Autoconsciência significa conhecimento da vulnerabilidade individual. O processo pelo qual esse conhecimento surge pode destruir a fé no valor individual. Isso significa, em termos concretos, que um indivíduo pode vir a sacrificar sua própria experiência, no curso do desenvolvimento, porque sua busca cria conflito social ou expõe a inadequação individual. No entanto, é somente por meio desse conflito que a mudança ocorre, e a fraqueza deve ser reconhecida, antes que possa ser transformada em força. Isso significa que o sacrifício da individualidade elimina qualquer possibilidade de que a força individual possa ser descoberta ou desenvolvida e de que o próprio mundo possa progredir.

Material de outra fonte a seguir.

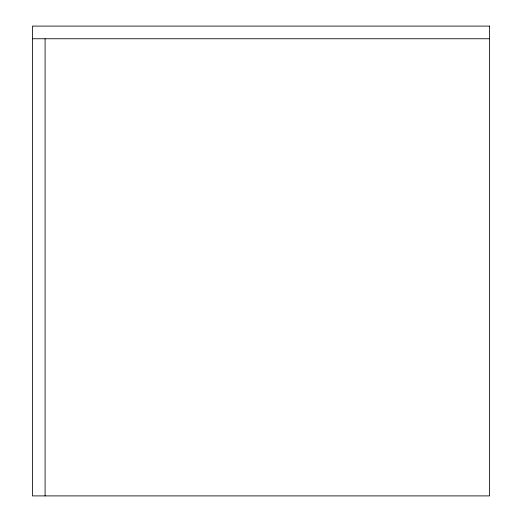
<?xml version="1.0" encoding="UTF-8"?>
<svg xmlns="http://www.w3.org/2000/svg" width="522" height="522" viewBox="0 0 522 522"><rect width="100%" height="100%" fill="white"/><g stroke="black" fill="none" stroke-linecap="round" stroke-linejoin="round"><path stroke-width="0.78" d="M32.429 38.758L489.571 38.758M45.088 38.758L45.088 495.9M489.571 26.1L32.429 26.1L32.429 495.9L489.571 495.9L489.571 26.1"/></g></svg>
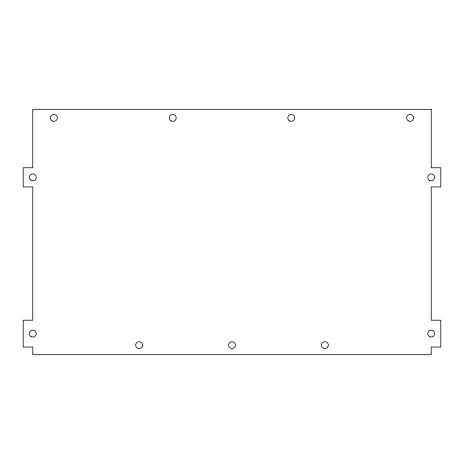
<?xml version="1.0" encoding="UTF-8"?>
<svg xmlns="http://www.w3.org/2000/svg" width="464" height="464" viewBox="0 0 464 464"><rect width="100%" height="100%" fill="white"/><g stroke="black" fill="none" stroke-linecap="round" stroke-linejoin="round"><path stroke-width="0.7" d="M142.094 346.852L141.543 347.565A3.451 3.451 0 0 1 136.665 347.565L136.114 346.852A3.451 3.451 0 0 1 139.101 341.672A3.451 3.451 0 0 1 142.094 346.852M234.987 346.852L234.442 347.565A3.451 3.451 0 0 1 229.558 347.565L229.013 346.852A3.451 3.451 0 0 1 232 341.672A3.451 3.451 0 0 1 234.987 346.852M327.886 346.852L327.335 347.565A3.451 3.451 0 0 1 322.457 347.565L321.906 346.852A3.451 3.451 0 0 1 324.899 341.672A3.451 3.451 0 0 1 327.886 346.852M431.213 109.289L32.787 109.289L32.787 167.771L23.2 167.771L23.2 186.94L32.787 186.94L32.787 320.201L23.2 320.201L23.2 347.043L32.787 347.043L32.787 354.711L431.213 354.711L431.213 347.043L440.8 347.043L440.8 320.201L431.213 320.201L431.213 186.94L440.8 186.94L440.8 167.771L431.213 167.771L431.213 109.289M429.49 336.609A3.451 3.451 0 0 0 434.664 333.622A3.451 3.451 0 0 0 429.49 330.629A3.451 3.451 0 0 0 429.49 336.609M31.059 336.609A3.451 3.451 0 0 0 36.238 333.622A3.451 3.451 0 0 0 31.059 330.629A3.451 3.451 0 0 0 31.059 336.609M30.346 179.794A3.451 3.451 0 0 0 36.122 178.251A3.451 3.451 0 0 0 31.894 174.023A3.451 3.451 0 0 0 30.346 179.794M429.49 180.345A3.451 3.451 0 0 0 434.664 177.358A3.451 3.451 0 0 0 429.49 174.365A3.451 3.451 0 0 0 429.49 180.345M408.395 120.907A3.451 3.451 0 0 0 413.575 117.92A3.451 3.451 0 0 0 408.395 114.927A3.451 3.451 0 0 0 408.395 120.907M289.519 120.907A3.451 3.451 0 0 0 294.698 117.92A3.451 3.451 0 0 0 289.519 114.927A3.451 3.451 0 0 0 289.519 120.907M171.03 120.907A3.451 3.451 0 0 0 176.204 117.92A3.451 3.451 0 0 0 171.03 114.927A3.451 3.451 0 0 0 171.03 120.907M52.154 120.907A3.451 3.451 0 0 0 57.327 117.92A3.451 3.451 0 0 0 52.154 114.927A3.451 3.451 0 0 0 52.154 120.907"/></g></svg>
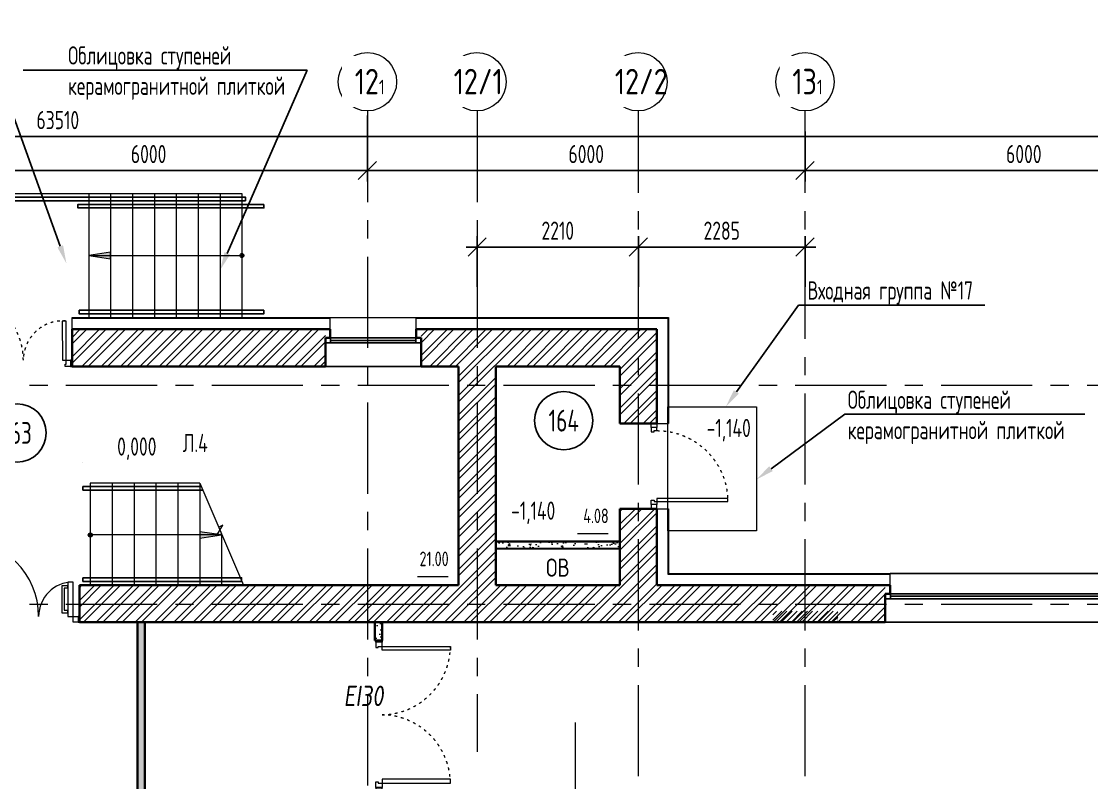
# Model space of a CAD drawing. Header units: millimetres. Extents: x -360149 to 682031, y -35655 to 209517.
# Drawn here: x -186978 to -172305, y 125152 to 135591 of the extents above; entities that cross this region are included whole.
import ezdxf
from ezdxf import colors
from ezdxf.entities.mleader import LeaderData, LeaderLine
from ezdxf.enums import TextEntityAlignment as Align
from ezdxf.math import Vec2, Vec3

# ---------------------------------------------------------------- set-up
doc = ezdxf.new("R2010")
doc.units = ezdxf.units.MM
doc.header["$MEASUREMENT"] = 0
doc.header["$PDMODE"] = 3
doc.header["$PDSIZE"] = -4
doc.linetypes.add('ACAD_ISO03W100', pattern=[30, 12, -18])
doc.linetypes.add('CENTER', pattern=[2, 1.25, -0.25, 0.25, -0.25])
doc.layers.get('0').update_dxf_attribs({"color": 250, "lineweight": 9})
doc.layers.get('Defpoints').update_dxf_attribs({"color": 6})
for name, color, linetype, lineweight in [('АР_Выноски АПР', 7, 'Continuous', 5), ('АР_Двери', 175, 'Continuous', 18), ('АР_Лестницы', 250, 'Continuous', 15), ('АР_Лестницы ограждение', 94, 'Continuous', 25), ('АР_Маркер экспликации', 239, 'Continuous', 13), ('АР_Навесной фасад', 147, 'Continuous', 5), ('АР_Номер помещения', 1, 'Continuous', 25), ('АР_Оси', 195, 'Continuous', 9), ('АР_Оси размеры', 164, 'Continuous', 9), ('АР_Отметки', 250, 'Continuous', 15), ('АР_Перегородки газоблок', 165, 'Continuous', 30), ('АР_Перегородки газоблок_Штрих', 165, 'Continuous', 5), ('АР_Помещения_площадь', 19, 'Continuous', 9), ('АР_Сущ Несущая стена', 216, 'Continuous', 30), ('АР_Штриховка кирпич', 250, 'Continuous', 9)]:
    doc.layers.add(name, color=color, linetype=linetype, lineweight=lineweight)
doc.layers.add('АР_новое окно', color=155, linetype='Continuous')
doc.layers.add('АР_Отверстия', color=251, linetype='Continuous')
doc.layers.add('АР_ПБ_Двери', color=7, linetype='Continuous', lineweight=15, true_color=0xdb0000)
doc.layers.add('ТХ_Задание КР', color=7, linetype='Continuous', true_color=0x9a5430)
doc.styles.add('ICOCPEUR', font='isocpeur.ttf')
doc.styles.add('ISOCPEUR', font='isocpeur.ttf', dxfattribs={"width": 0.7})
doc.styles.get("Standard").update_dxf_attribs({"font": 'isocpeur.ttf', "width": 0.7})
doc.styles.add('Архитект', font='isocpeur.ttf', dxfattribs={"width": 0.8, "oblique": 8})
doc.styles.add('ГОСТ 2.304', font='isocpeur.ttf', dxfattribs={"width": 0.7})
doc.dimstyles.new('СПДС', dxfattribs={"dimscale": 100, "dimtxt": 2.5, "dimasz": 2.5, "dimexe": 1.5, "dimexo": 0, "dimgap": 1, "dimtad": 1, "dimdec": 0, "dimrnd": 1, "dimtxsty": 'ГОСТ 2.304', "dimblk": 'OBLIQUE', "dimcen": 2.5, "dimdle": 1.5, "dimadec": 0, "dimazin": 2, "dimtfac": 0.75, "dimtdec": 0, "dimtmove": 1, "dimatfit": 3, "dimfxl": 1, "dimtolj": 1, "dimarcsym": 1})
pattern_1 = [(50, (0, 0), (215.17805, -18.82564), [22.5, -247.5]), (355, (0, 0), (-41.6254, 225.65764), [18, -198]), (100.45144, (17.93, -1.57), (173.55265, 206.832), [19.12206, -210.34263]), (46.1842, (0, 60), (320.1724, -49.65578), [33.75, -371.25]), (96.63564, (26.68, 55.86), (280.3986, 292.2356), [28.6831, -315.51413]), (351.18416, (0, 60), (280.3986, 292.2356), [27, -297]), (21, (30, 45), (179.07212, -120.78567), [22.5, -247.5]), (326, (30, 45), (72.9946, 217.54501), [18, -198]), (71.45144, (44.92, 34.93), (252.06671, 96.75935), [19.12206, -210.34263]), (37.5, (0, 0), (3.647957, 99.868156), [0, -195.6, 0, -201, 0, -198.75]), (7.5, (0, 0), (78.92086, 118.323514), [0, -114.6, 0, -191.1, 0, -75.75]), (327.5, (-66.9, 0), (160.14673, -6.766462), [0, -75, 0, -234, 0, -310.5]), (317.5, (-96.9, 0), (174.95585, 30.031495), [0, -97.5, 0, -155.4, 0, -220.5])]

# ---------------------------------------------------------------- blocks, each defined once
blk = doc.blocks.new('_Oblique')
at = {"color": 0, "linetype": 'ByBlock', "lineweight": -2}
blk.add_line((-0.5, -0.5), (0.5, 0.5), dxfattribs=at)
blk = doc.blocks.new('*D703')
at = {"layer": 'Defpoints', "color": 0, "ltscale": 100, "transparency": 16777216}
for p in [(-182234, 134039), (-188234, 133919), (-182234, 133547)]:
    blk.add_point(p, dxfattribs=at)
at = {"layer": 'АР_Оси размеры', "color": 0, "lineweight": -2, "ltscale": 100, "transparency": 16777216}
for p, q in [((-182234, 134039), (-182234, 133397)), ((-188234, 133919), (-188234, 133397)), ((-188384, 133547), (-182084, 133547))]:
    blk.add_line(p, q, dxfattribs=at)
at = {"layer": 'АР_Оси размеры', "color": 0, "lineweight": -2, "ltscale": 100, "transparency": 16777216, "xscale": 250, "yscale": 250, "zscale": 250, "rotation": 180}
blk.add_blockref('_Oblique', (-188234, 133547), dxfattribs=at)
at = {"layer": 'АР_Оси размеры', "color": 0, "lineweight": -2, "ltscale": 100, "transparency": 16777216, "xscale": 250, "yscale": 250, "zscale": 250}
blk.add_blockref('_Oblique', (-182234, 133547), dxfattribs=at)
at = {"layer": 'АР_Оси размеры', "color": 0, "ltscale": 100, "transparency": 16777216, "insert": (-185234, 133772), "char_height": 250, "attachment_point": 5, "style": 'ГОСТ 2.304'}
blk.add_mtext('\\A1;6000', dxfattribs=at)
blk = doc.blocks.new('*D704')
at = {"layer": 'Defpoints', "color": 0, "ltscale": 100, "transparency": 16777216}
for p in [(-182234, 134303), (-176234, 134082), (-176234, 133547)]:
    blk.add_point(p, dxfattribs=at)
at = {"layer": 'АР_Оси размеры', "color": 0, "lineweight": -2, "ltscale": 100, "transparency": 16777216}
for p, q in [((-182234, 134303), (-182234, 133397)), ((-176234, 134082), (-176234, 133397)), ((-182384, 133547), (-176084, 133547))]:
    blk.add_line(p, q, dxfattribs=at)
at = {"layer": 'АР_Оси размеры', "color": 0, "lineweight": -2, "ltscale": 100, "transparency": 16777216, "xscale": 250, "yscale": 250, "zscale": 250, "rotation": 180}
blk.add_blockref('_Oblique', (-182234, 133547), dxfattribs=at)
at = {"layer": 'АР_Оси размеры', "color": 0, "lineweight": -2, "ltscale": 100, "transparency": 16777216, "xscale": 250, "yscale": 250, "zscale": 250}
blk.add_blockref('_Oblique', (-176234, 133547), dxfattribs=at)
at = {"layer": 'АР_Оси размеры', "color": 0, "ltscale": 100, "transparency": 16777216, "insert": (-179234, 133772), "char_height": 250, "attachment_point": 5, "style": 'ГОСТ 2.304'}
blk.add_mtext('\\A1;6000', dxfattribs=at)
blk = doc.blocks.new('*D705')
at = {"layer": 'Defpoints', "color": 0, "ltscale": 100, "transparency": 16777216}
for p in [(-170234, 134119), (-176234, 134082), (-170234, 133547)]:
    blk.add_point(p, dxfattribs=at)
at = {"layer": 'АР_Оси размеры', "color": 0, "lineweight": -2, "ltscale": 100, "transparency": 16777216}
for p, q in [((-170234, 134119), (-170234, 133397)), ((-176234, 134082), (-176234, 133397)), ((-176384, 133547), (-170084, 133547))]:
    blk.add_line(p, q, dxfattribs=at)
at = {"layer": 'АР_Оси размеры', "color": 0, "lineweight": -2, "ltscale": 100, "transparency": 16777216, "xscale": 250, "yscale": 250, "zscale": 250, "rotation": 180}
blk.add_blockref('_Oblique', (-176234, 133547), dxfattribs=at)
at = {"layer": 'АР_Оси размеры', "color": 0, "lineweight": -2, "ltscale": 100, "transparency": 16777216, "xscale": 250, "yscale": 250, "zscale": 250}
blk.add_blockref('_Oblique', (-170234, 133547), dxfattribs=at)
at = {"layer": 'АР_Оси размеры', "color": 0, "ltscale": 100, "transparency": 16777216, "insert": (-173234, 133772), "char_height": 250, "attachment_point": 5, "style": 'ГОСТ 2.304'}
blk.add_mtext('\\A1;6000', dxfattribs=at)
blk = doc.blocks.new('*U880')
for points in [[(-55, -80), (-55, 0), (-115, 0), (-115, -40), (-100, -40), (-100, -80), (-55, -80)], [(0, 0), (0, -80), (-55, -80), (-55, 0), (0, 0)], [(-1170, 0), (-1170, -80), (-1115, -80), (-1115, 0), (-1170, 0)], [(-1115, -80), (-1115, 0), (-1055, 0), (-1055, -40), (-1070, -40), (-1070, -80), (-1115, -80)]]:
    blk.add_lwpolyline(points)
blk.add_lwpolyline([(-100, -80), (-100, -1050), (-140, -1050), (-140, -80)], close=True)
at = {"linetype": 'ACAD_ISO03W100', "ltscale": 3}
blk.add_arc((-100, -80), 970, 180, 270, dxfattribs=at)
blk = doc.blocks.new('*U153')
at = {"layer": 'АР_новое окно', "lineweight": 20}
for p, q in [((0, 3800), (-70, 3800)), ((0, 0), (-70, 0))]:
    blk.add_line(p, q, dxfattribs=at)
at = {"layer": 'АР_новое окно'}
for p, q in [((-70, 3800), (-70, 0)), ((-70, 0), (-70, 3800)), ((0, 3730), (-70, 3730)), ((-35, 3730), (-35, 70)), ((0, 3800), (0, 0)), ((0, 70), (-70, 70))]:
    blk.add_line(p, q, dxfattribs=at)
blk = doc.blocks.new('*U156')
at = {"layer": 'АР_новое окно', "lineweight": 20}
for p, q in [((0, 1310), (-70, 1310)), ((0, 0), (-70, 0))]:
    blk.add_line(p, q, dxfattribs=at)
at = {"layer": 'АР_новое окно'}
for p, q in [((-70, 1310), (-70, 0)), ((-70, 0), (-70, 1310)), ((0, 1240), (-70, 1240)), ((-35, 1240), (-35, 70)), ((0, 1310), (0, 0)), ((0, 70), (-70, 70))]:
    blk.add_line(p, q, dxfattribs=at)
blk = doc.blocks.new('*D426')
at = {"layer": 'Defpoints', "color": 0, "ltscale": 100, "transparency": 16777216}
for p in [(-218234, 134013), (-154724, 134013), (-154724, 134013)]:
    blk.add_point(p, dxfattribs=at)
at = {"layer": 'АР_Оси размеры', "color": 0, "lineweight": -2, "ltscale": 100, "transparency": 16777216}
for p, q in [((-218234, 134013), (-218234, 134163)), ((-154724, 134013), (-154724, 134163)), ((-218384, 134013), (-154574, 134013))]:
    blk.add_line(p, q, dxfattribs=at)
at = {"layer": 'АР_Оси размеры', "color": 0, "lineweight": -2, "ltscale": 100, "transparency": 16777216, "xscale": 250, "yscale": 250, "zscale": 250, "rotation": 180}
blk.add_blockref('_Oblique', (-218234, 134013), dxfattribs=at)
at = {"layer": 'АР_Оси размеры', "color": 0, "lineweight": -2, "ltscale": 100, "transparency": 16777216, "xscale": 250, "yscale": 250, "zscale": 250}
blk.add_blockref('_Oblique', (-154724, 134013), dxfattribs=at)
at = {"layer": 'АР_Оси размеры', "color": 0, "ltscale": 100, "transparency": 16777216, "insert": (-186479, 134238), "char_height": 250, "attachment_point": 5, "style": 'ГОСТ 2.304'}
blk.add_mtext('\\A1;63510', dxfattribs=at)
blk = doc.blocks.new('*U40')
at = {"layer": 'АР_Номер помещения', "color": 7}
blk.add_circle((53, -2157), 400, dxfattribs=at)
at = {"layer": 'АР_Помещения_площадь', "color": 7}
blk.add_line((5966, -4131), (5544, -4131), dxfattribs=at)
at = {"color": 7, "style": 'ISOCPEUR', "width": 0.7, "flags": 1}
blk.add_attdef('КАТЕГОРИЯ', (-499, -2092), '', height=250, dxfattribs=at)
at = {"layer": 'АР_Номер помещения', "color": 7, "style": 'ISOCPEUR', "width": 0.7}
blk.add_attdef('НОМЕР_ПОМЕЩЕНИЯ', text='', height=300, dxfattribs=at).set_placement((53, -2157), align=Align.MIDDLE_CENTER)
at = {"layer": 'АР_Помещения_площадь', "color": 7, "lineweight": 30, "width": 0.7, "flags": 104}
blk.add_attdef('ИМЯ_ПОМЕЩЕНИЯ', text='', height=100, dxfattribs=at).set_placement((158, 1217), align=Align.MIDDLE_CENTER)
at = {"layer": 'АР_Помещения_площадь', "color": 7, "style": 'ISOCPEUR', "width": 0.7}
blk.add_attdef('ПЛОЩАДЬ_ПОМЕЩЕНИЯ', text='', height=200, dxfattribs=at).set_placement((5971, -3885), align=Align.MIDDLE_RIGHT)
blk = doc.blocks.new('*U41')
at = {"layer": 'АР_Номер помещения', "color": 7}
blk.add_circle((-240, -1769), 400, dxfattribs=at)
at = {"layer": 'АР_Помещения_площадь', "color": 7}
blk.add_line((371, -3321), (-51, -3321), dxfattribs=at)
at = {"color": 7, "style": 'ISOCPEUR', "width": 0.7, "flags": 1}
blk.add_attdef('КАТЕГОРИЯ', (-499, -2092), '', height=250, dxfattribs=at)
at = {"layer": 'АР_Номер помещения', "color": 7, "style": 'ISOCPEUR', "width": 0.7}
blk.add_attdef('НОМЕР_ПОМЕЩЕНИЯ', text='', height=300, dxfattribs=at).set_placement((-240, -1769), align=Align.MIDDLE_CENTER)
at = {"layer": 'АР_Помещения_площадь', "color": 7, "lineweight": 30, "width": 0.7, "flags": 104}
blk.add_attdef('ИМЯ_ПОМЕЩЕНИЯ', text='', height=100, dxfattribs=at).set_placement((158, 1217), align=Align.MIDDLE_CENTER)
at = {"layer": 'АР_Помещения_площадь', "color": 7, "style": 'ISOCPEUR', "width": 0.7}
blk.add_attdef('ПЛОЩАДЬ_ПОМЕЩЕНИЯ', text='', height=200, dxfattribs=at).set_placement((376, -3075), align=Align.MIDDLE_RIGHT)
blk = doc.blocks.new('двупольн.дв.2000')
at = {"layer": 'АР_Двери'}
for points in [[(0, 2017), (85, 2017), (85, 1996), (0, 1996), (0, 2017)], [(85, 1996), (0, 1996), (0, 1921), (32, 1921), (32, 1937), (85, 1937), (85, 1996)], [(85, 4), (0, 4), (0, 79), (32, 79), (32, 63), (85, 63), (85, 4)], [(0, -17), (85, -17), (85, 4), (0, 4), (0, -17)]]:
    blk.add_lwpolyline(points, dxfattribs=at)
for points in [[(85, 1937), (1022, 1937), (1022, 1884), (85, 1884)], [(85, 63), (1022, 63), (1022, 116), (85, 116)]]:
    blk.add_lwpolyline(points, close=True, dxfattribs=at)
at = {"layer": 'АР_Двери', "linetype": 'ACAD_ISO03W100', "ltscale": 3}
for centre, start, end in [((73, 1950), 270.7367, 359.2633), ((73, 50), 0.7367, 89.2633)]:
    blk.add_arc(centre, 950, start, end, dxfattribs=at)
blk = doc.blocks.new('_DotSmall')
at = {"color": 0, "linetype": 'ByBlock', "const_width": 0.5}
blk.add_lwpolyline([(-0.0625, 0, 1), (0.0625, 0, 1)], format="xyb", close=True, dxfattribs=at)
blk = doc.blocks.new('*D853')
at = {"layer": 'Defpoints', "color": 0, "ltscale": 100, "transparency": 16777216}
for p in [(-178519, 132496), (-180729, 131951), (-178519, 131951)]:
    blk.add_point(p, dxfattribs=at)
at = {"layer": 'АР_Оси размеры', "color": 0, "lineweight": -2, "ltscale": 100, "transparency": 16777216}
for p, q in [((-180729, 131951), (-180729, 132646)), ((-178519, 131951), (-178519, 132646)), ((-180879, 132496), (-178369, 132496))]:
    blk.add_line(p, q, dxfattribs=at)
at = {"layer": 'АР_Оси размеры', "color": 0, "lineweight": -2, "ltscale": 100, "transparency": 16777216, "xscale": 250, "yscale": 250, "zscale": 250, "rotation": 180}
blk.add_blockref('_Oblique', (-180729, 132496), dxfattribs=at)
at = {"layer": 'АР_Оси размеры', "color": 0, "lineweight": -2, "ltscale": 100, "transparency": 16777216, "xscale": 250, "yscale": 250, "zscale": 250}
blk.add_blockref('_Oblique', (-178519, 132496), dxfattribs=at)
at = {"layer": 'АР_Оси размеры', "color": 0, "ltscale": 100, "transparency": 16777216, "insert": (-179624, 132721), "char_height": 250, "attachment_point": 5, "style": 'ГОСТ 2.304'}
blk.add_mtext('\\A1;2210', dxfattribs=at)
blk = doc.blocks.new('*D854')
at = {"layer": 'Defpoints', "color": 0, "ltscale": 100, "transparency": 16777216}
for p in [(-176234, 132496), (-178519, 131951), (-176234, 131951)]:
    blk.add_point(p, dxfattribs=at)
at = {"layer": 'АР_Оси размеры', "color": 0, "lineweight": -2, "ltscale": 100, "transparency": 16777216}
for p, q in [((-178519, 131951), (-178519, 132646)), ((-176234, 131951), (-176234, 132646)), ((-178669, 132496), (-176084, 132496))]:
    blk.add_line(p, q, dxfattribs=at)
at = {"layer": 'АР_Оси размеры', "color": 0, "lineweight": -2, "ltscale": 100, "transparency": 16777216, "xscale": 250, "yscale": 250, "zscale": 250, "rotation": 180}
blk.add_blockref('_Oblique', (-178519, 132496), dxfattribs=at)
at = {"layer": 'АР_Оси размеры', "color": 0, "lineweight": -2, "ltscale": 100, "transparency": 16777216, "xscale": 250, "yscale": 250, "zscale": 250}
blk.add_blockref('_Oblique', (-176234, 132496), dxfattribs=at)
at = {"layer": 'АР_Оси размеры', "color": 0, "ltscale": 100, "transparency": 16777216, "insert": (-177376, 132721), "char_height": 250, "attachment_point": 5, "style": 'ГОСТ 2.304'}
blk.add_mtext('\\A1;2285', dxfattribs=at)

Indivíduos cuja vida é sem sentido se odeiam por sua fraqueza e odeiam a vida por torná-los fracos. Esse ódio se manifesta na identificação absoluta com o poder destrutivo, em suas manifestações mitológicas, históricas e biológicas; manifesta-se no desejo de extinção absoluta da existência. Tal identificação leva o homem a envenenar tudo o que toca, a gerar sofrimento desnecessária em face do sofrimento inevitável, a fazer seus semelhantes voltarem-se contra si mesmos, a amalgamar a terra com o inferno, apenas para obter vingança sobre Deus e sua criação.

O propósito humano, se tal coisa pode ser considerada, é buscar significado, estender o domínio da luz, da consciência, apesar da limitação. Um evento significativo existe na fronteira entre a ordem e o caos. A busca do significado expõe o indivíduo ao desconhecido de forma gradual, permitindo-lhe desenvolver força e capacidade adaptativa em proporção à seriedade de sua busca. É durante o contato com o desconhecido que o poder humano cresce, individual e, depois, historicamente. O significado é a experiência subjetiva associada a esse contato, em proporção suficiente. Os grandes mitos religiosos afirmam que a busca contínua de sentido, adotada voluntariamente e sem auto-engano, levará o indivíduo a descobrir sua identidade com Deus. Essa “identidade revelada” o tornará capaz de suportar a tragédia da vida. O abandono do significado, ao contrário, reduz o homem às suas fraquezas mortais. Isso o faz odiar a vida e trabalhar para eliminá-la.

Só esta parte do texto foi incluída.